# Canadian weather, by a Canadian.



## B.Varley (Oct 16, 2010)

Most of this may've been posted before, but I figured, I may as well post what I can; to help where I can, as I hope to use this site later on when I'm old enough to move abroad myself. So, here it goes!

*The Weather*
Be prepared for weather extremes. That doesn't only include very cold and snowy winters, but also pretty hot summers too. Where I live, in the Prairies, it's very typical to get 30-33 degrees (Celsius) in July & August and -30 to -40 degrees (Celsius) in the heart of winter. That's just how it is, sorry. 

The far east and west coasts however are an exception to that, Vancouver (as I'm sure most of you have heard) is very warm, and mild compared to the rest of Canada. Most of coastal British Columbia only really experiences a lot of rain and cool temperatures in the winter with little to no snowfall (so in general, much like the British Isles)

The other exception is the east coast: Newfoundland, New Brunswick, Nova Scotia and Prince Edward Island (P.E.I) Where I know it's colder and 'gloomier' - pardon my grammar - being on the Atlantic side of things, it's normally quite mild and wet. Year round that is.

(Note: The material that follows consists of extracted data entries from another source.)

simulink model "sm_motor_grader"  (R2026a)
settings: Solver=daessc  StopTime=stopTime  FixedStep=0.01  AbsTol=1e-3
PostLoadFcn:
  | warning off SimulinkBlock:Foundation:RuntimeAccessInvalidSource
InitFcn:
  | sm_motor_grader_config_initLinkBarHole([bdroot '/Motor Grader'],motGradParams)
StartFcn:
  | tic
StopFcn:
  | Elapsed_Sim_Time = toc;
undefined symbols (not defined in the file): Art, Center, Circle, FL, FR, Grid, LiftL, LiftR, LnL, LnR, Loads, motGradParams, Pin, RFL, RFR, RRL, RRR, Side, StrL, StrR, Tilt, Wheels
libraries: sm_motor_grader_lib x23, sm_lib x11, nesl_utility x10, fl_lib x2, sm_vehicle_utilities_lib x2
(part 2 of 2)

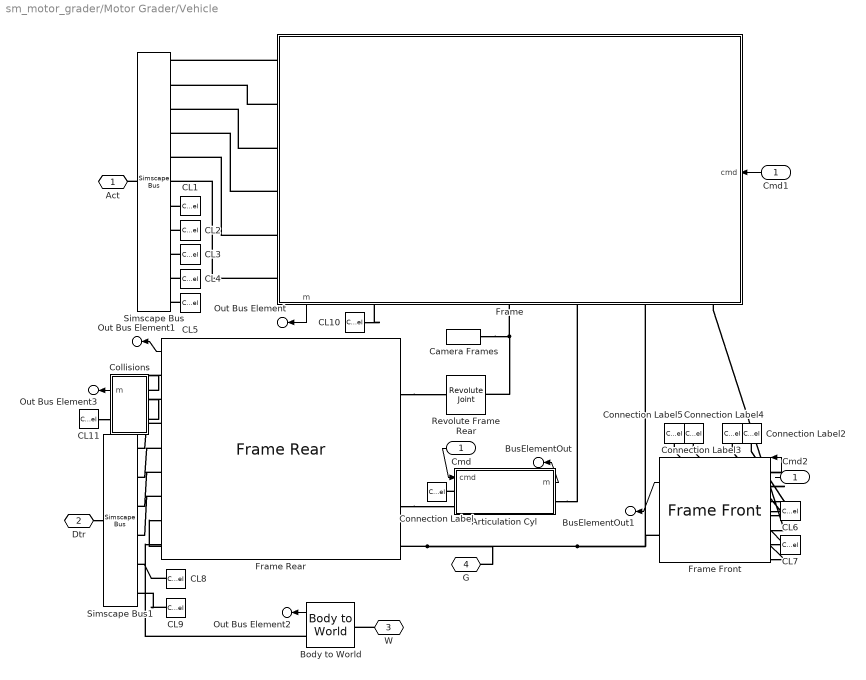
== system sm_motor_grader/Motor Grader/Vehicle ==
  Cmd : Inport
  Articulation Cyl : Subsystem  mask{popup_actuator_model=Position}
      mask prompts: popup_actuator_model "Actuation Mode"
      mask init:
      | bh = gcb;
      | if(strcmp(get_param(bh,'popup_actuator_model'),'Shaft'))
      |     set_param([bh '/Actuator'],'LabelModeActiveChoice','Shaft')
      | else
      |     set_param([bh '/Actuator'],'LabelModeActiveChoice','Position')
      | end
      settings: AttributesFormatString=%<popup_actuator_model>
      mask TypeOptions popup_actuator_model: Position | Shaft
      mask Display:
      | bh = gcb;
      | if(strcmp(get_param(bh,'popup_actuator_model'),'Position'))
      |     image('sm_motor_grader_actuator_intfPosition_IMAGE.png')
      | else
      |     image('sm_motor_grader_actuator_intfShaft_IMAGE.png')
      | end
      | %image('sm_motor_grader_articCylRod_IMAGE.png')
  Body to World : sm_vehicle_utilities_lib/Body to World  Init=Init.Vehicle  SpecifyPosTarget=on
  CL1 : ConnectionLabel  Label=Art
  CL10 : ConnectionLabel  Label=Gbl
  CL11 : ConnectionLabel  Label=Gbl
  CL2 : ConnectionLabel  Label=StrL
  CL3 : ConnectionLabel  Label=LnL
  CL4 : ConnectionLabel  Label=LnR
  CL5 : ConnectionLabel  Label=StrR
  CL6 : ConnectionLabel  Label=FL
  CL7 : ConnectionLabel  Label=FR
  CL8 : ConnectionLabel  Label=FL
  CL9 : ConnectionLabel  Label=FR
  Camera Frames : sm_vehicle_utilities_lib/Camera Frames  Camera=Camera  popup_dolly_camera=Off
  Cmd1 : InportShadow
  Cmd2 : InportShadow
  Collisions : Subsystem
  Connection Label : ConnectionLabel  Label=Art
  Connection Label2 : ConnectionLabel  Label=StrR
  Connection Label3 : ConnectionLabel  Label=LnR
  Connection Label4 : ConnectionLabel  Label=LnL
  Connection Label5 : ConnectionLabel  Label=StrL
  Frame : Subsystem  mask{popup_actuator_model=Position, popup_actuator_model_lift=Position, popup_initial_hole=Center, popup_blade_ground_contact=Loads}
      mask prompts: popup_actuator_model "Actuation Mode"; popup_actuator_model_lift "Actuation Mode Lift"; popup_initial_hole "Link Bar Initial Hole"; popup_blade_ground_contact "Blade Ground Contact"
      mask init:
      | bh = gcb;
      | 
      | modestr = get_param(bh,'popup_actuator_model');
      | set_param([bh '/Blade'],'popup_actuator_model',modestr)
      | set_param([bh '/Drawbar'],'popup_actuator_model',modestr)
      | set_param([bh '/LiftAssembly'],'popup_actuator_model',modestr)
      | 
      | liftmodestr = get_param(bh,'popup_actuator_model_lift');
      | set_param([bh '/LiftAssembly'],'popup_actuator_model_lift',liftmodestr)
      settings: PortSchema="{\"entries\":[{\"content\":{\"sides\":[{\"content\":{},\"type\":\"ConnectorPlacement.EquallySpacedRectSide\",\"uuid\":\"956ff1aa-cf24-496e-9779-d98cb55dab7e\"},{\"content\":{\"connectorIds\":[\"Out1\",\"RConn1\",\"RConn2\",\"RConn3\",\"RConn4\",\"RConn5\",\"RConn6\"],\"side\":\"RIGHT\"},\"type\":\"ConnectorPlacement.EquallySpacedRectSide\",\"uuid\":\"9c9b4268-8eee-41b9-b50a-4033054aa2f0\"},{\"content\":{\"connectorIds\":[\"LConn1\",\"LConn2\",\"LConn3\",\"LConn4\",\"LConn5\",\"LConn6\"],\"side\":\"TOP\"},\"type\":\"ConnectorPlacement.EquallySpacedRectSide\",\"uuid\":\"ed4b7b74-ed0a-49ca-b139-bba335fa3413\"},{\"content\":{\"connectorIds\":[\"In1\"],\"side\":\"BOTTOM\"},\"type\":\"ConnectorPlacement.EquallySpacedRectSide\",\"uuid\":\"cd037d6e-8d6c-4a0e-a629-b4586db15f4a\"}]},\"type\":\"ConnectorPlacement.EquallySpacedConnector\",\"uuid\":\"3490148e-7dca-48b7-9597-0781f6c140f1\"}],\"packageUris\":[\"http://schema.mathworks.com/mf0/Connector/R2020b\"],\"version\":\"1.0\"}"
      mask TypeOptions popup_actuator_model: Position | Shaft
      mask TypeOptions popup_actuator_model_lift: Position | Shaft
      mask TypeOptions popup_initial_hole: LiftAssembly/popup_initial_hole
      mask TypeOptions popup_blade_ground_contact: Blade/popup_blade_ground_contact
      mask Display: image('sm_motor_grader_frameCabBlade_IMAGE.png')
  Frame Front : sm_motor_grader_lib/Frame Front  popup_actuator_model=Position  popup_ground_contact=Magic Formula
  Frame Rear : sm_motor_grader_lib/Frame Rear  popup_ground_contact=Magic Formula
  Revolute Frame Rear : sm_lib/Joints/Revolute Joint  JointMode=Normal  CompositeWrenchDir=FollowerOnBase  CompositeWrenchFrame=BaseFrame  SenseConstraintForce=off  SenseConstraintTorque=off  SenseTotalForce=off  SenseTotalTorque=off  PositionTargetSpecify=on  PositionTargetPriority=Low  PositionTargetValue=0  PositionTargetValueUnits=deg  VelocityTargetSpecify=off  VelocityTargetPriority=High  VelocityTargetValue=0  VelocityTargetValueUnits=deg/s  EquilibriumPosition=0  EquilibriumPositionUnits=deg  SpringStiffness=0  SpringStiffnessUnits=N*m/deg  DampingCoefficient=0  DampingCoefficientUnits=N*m/(deg/s)  LowerLimitSpecify=off  LowerLimitBound=-90  LowerLimitBoundUnits=deg  LowerLimitStiffness=1e4  LowerLimitStiffnessUnits=N*m/deg  LowerLimitDamping=10  LowerLimitDampingUnits=N*m/(deg/s)  LowerLimitTransitionRegionWidth=0.1  LowerLimitTransitionRegionWidthUnits=deg  UpperLimitSpecify=off  UpperLimitBound=90  UpperLimitBoundUnits=deg  UpperLimitStiffness=1e4  UpperLimitStiffnessUnits=N*m/deg  UpperLimitDamping=10  UpperLimitDampingUnits=N*m/(deg/s)  UpperLimitTransitionRegionWidth=0.1  UpperLimitTransitionRegionWidthUnits=deg  TorqueActuationMode=NoTorque  MotionActuationMode=ComputedMotion  SensePosition=off  SenseVelocity=off  SenseAcceleration=off  SenseTorqueForce=off  SenseLowerLimitTorqueForce=off  SenseUpperLimitTorqueForce=off
  Simscape Bus : SimscapeBus  HierarchyStrings=Tilt;Side;Circle;LiftL;LiftR;Pin;Art;StrL;LnL;LnR;StrR
  Simscape Bus1 : SimscapeBus  HierarchyStrings=RFL;RFR;RRL;RRR;FL;FR
  Act : PMIOPort  Side=Left
  Dtr : PMIOPort  Port=2  Side=Left
  W : PMIOPort  Port=3  Side=Right
  G : PMIOPort  Port=4  Side=Right
  Out Bus Element : Outport  PortName=m  Element=Frame
  BusElementOut : Outport  PortName=m  Element=Artic
  BusElementOut1 : Outport  PortName=m  Element=FrameF
  Out Bus Element1 : Outport  PortName=m  Element=FrameR
  Out Bus Element2 : Outport  PortName=m  Element=World
  Out Bus Element3 : Outport  PortName=m  Element=Sep
  wires:
  Cmd/1 -> Articulation Cyl/1(cmd)
  Frame/1(m) -> Out Bus Element/1
  Articulation Cyl/1(m) -> BusElementOut/1
  Frame Front/1 -> BusElementOut1/1
  Frame Rear/1 -> Out Bus Element1/1
  Cmd1/1 -> Frame/1(cmd)
  Cmd2/1 -> Frame Front/1
  Body to World/1 -> Out Bus Element2/1
  Collisions/1(m) -> Out Bus Element3/1
  connections:
  Frame Front/RConn1 -- Frame/RConn5 -- G/RConn1 -- Frame Rear/RConn7
  Camera Frames/RConn1 -- Revolute Frame Rear/RConn1 -- Frame/RConn3
  Body to World/RConn1 -- Frame Rear/RConn8
  Frame Rear/LConn2 -- Articulation Cyl/LConn2
  Frame Rear/LConn1 -- Revolute Frame Rear/LConn1
  Articulation Cyl/RConn1 -- Frame/RConn4
  W/RConn1 -- Body to World/LConn1
  Articulation Cyl/LConn1 -- Connection Label/LConn1
  Simscape Bus/RConn1 -- Act/RConn1
  Frame/LConn1 -- Simscape Bus/LConn1
  Frame/LConn2 -- Simscape Bus/LConn2
  Frame Front/LConn5 -- Frame/RConn6
  Frame/LConn3 -- Simscape Bus/LConn3
  Frame/LConn4 -- Simscape Bus/LConn4
  Frame/LConn5 -- Simscape Bus/LConn5
  Frame Front/LConn3 -- Connection Label2/LConn1
  Frame Front/LConn4 -- Connection Label3/LConn1
  Frame Front/LConn6 -- Connection Label4/LConn1
  Frame Front/LConn7 -- Connection Label5/LConn1
  CL1/LConn1 -- Simscape Bus/LConn7
  CL3/LConn1 -- Simscape Bus/LConn9
  CL2/LConn1 -- Simscape Bus/LConn8
  CL4/LConn1 -- Simscape Bus/LConn10
  CL5/LConn1 -- Simscape Bus/LConn11
  Frame Rear/RConn3 -- Simscape Bus1/LConn1
  Frame Rear/RConn4 -- Simscape Bus1/LConn2
  Frame Rear/RConn5 -- Simscape Bus1/LConn3
  Frame Rear/RConn6 -- Simscape Bus1/LConn4
  Dtr/RConn1 -- Simscape Bus1/RConn1
  Frame Front/LConn1 -- CL6/LConn1
  Frame Front/LConn2 -- CL7/LConn1
  CL8/LConn1 -- Simscape Bus1/LConn5
  CL9/LConn1 -- Simscape Bus1/LConn6
  Frame/LConn6 -- Simscape Bus/LConn6
  Frame Rear/RConn1 -- Collisions/LConn1
  Frame Rear/RConn2 -- Collisions/LConn2
  CL10/LConn1 -- Frame/RConn1
  CL11/LConn1 -- Collisions/RConn1

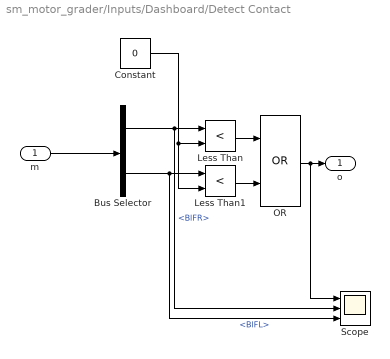
== system sm_motor_grader/Inputs/Dashboard/Detect Contact ==
  m : Inport
  Bus Selector : BusSelector  OutputSignals=Vehicle.Sep.BlFR,Vehicle.Sep.BlFL
  Constant : Constant  Value=0
  Less Than : RelationalOperator  Operator=<  OutDataTypeStr=boolean  RndMeth=Simplest  InputSameDT=off
  Less Than1 : RelationalOperator  Operator=<  OutDataTypeStr=boolean  RndMeth=Simplest  InputSameDT=off
  OR : Logic  Operator=OR  AllPortsSameDT=off  OutDataTypeStr=fixdt(1,16)
  Scope : Scope  NumInputPorts=3
      settings: ActiveDisplayYMinimum=-0.20528  ActiveDisplayYMaximum=1.8475
  o : Outport
  wires:
  m/1 -> Bus Selector/1
  Bus Selector/1 -> Scope/2, Less Than/1  "<BlFR>"
  Bus Selector/2 -> Scope/3, Less Than1/1  "<BlFL>"
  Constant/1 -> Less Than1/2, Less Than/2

The rest of Canada (excluding the northern territories - Yukon, Northwest Territories, Nunavut) is like I explained in the first paragraph, hot and quite dry in the summer, cold, gloomy and very dry in the winter months. The only real respite is Autumn and Spring. But not always! Just this year we had (in Edmonton, AB) snow in late May; and last week it was 25 degrees above, in October where we had snow this time last year.

So in conclusion, be ready for temperature swings but don't let that scare you - you get used to it pretty quickly! invest in a good winter's jacket, a good toque (hat) and you'll be just fine.

On a side note, if you find yourself one winter's morning, and there's a foot or two of snow on the ground and it's a solid -25 degrees outside, yes your boss will most likely expect you come in to work - though you'll be given more slack if you're late, it happens to all of us.

Hope this has helped, even just a tad!


----------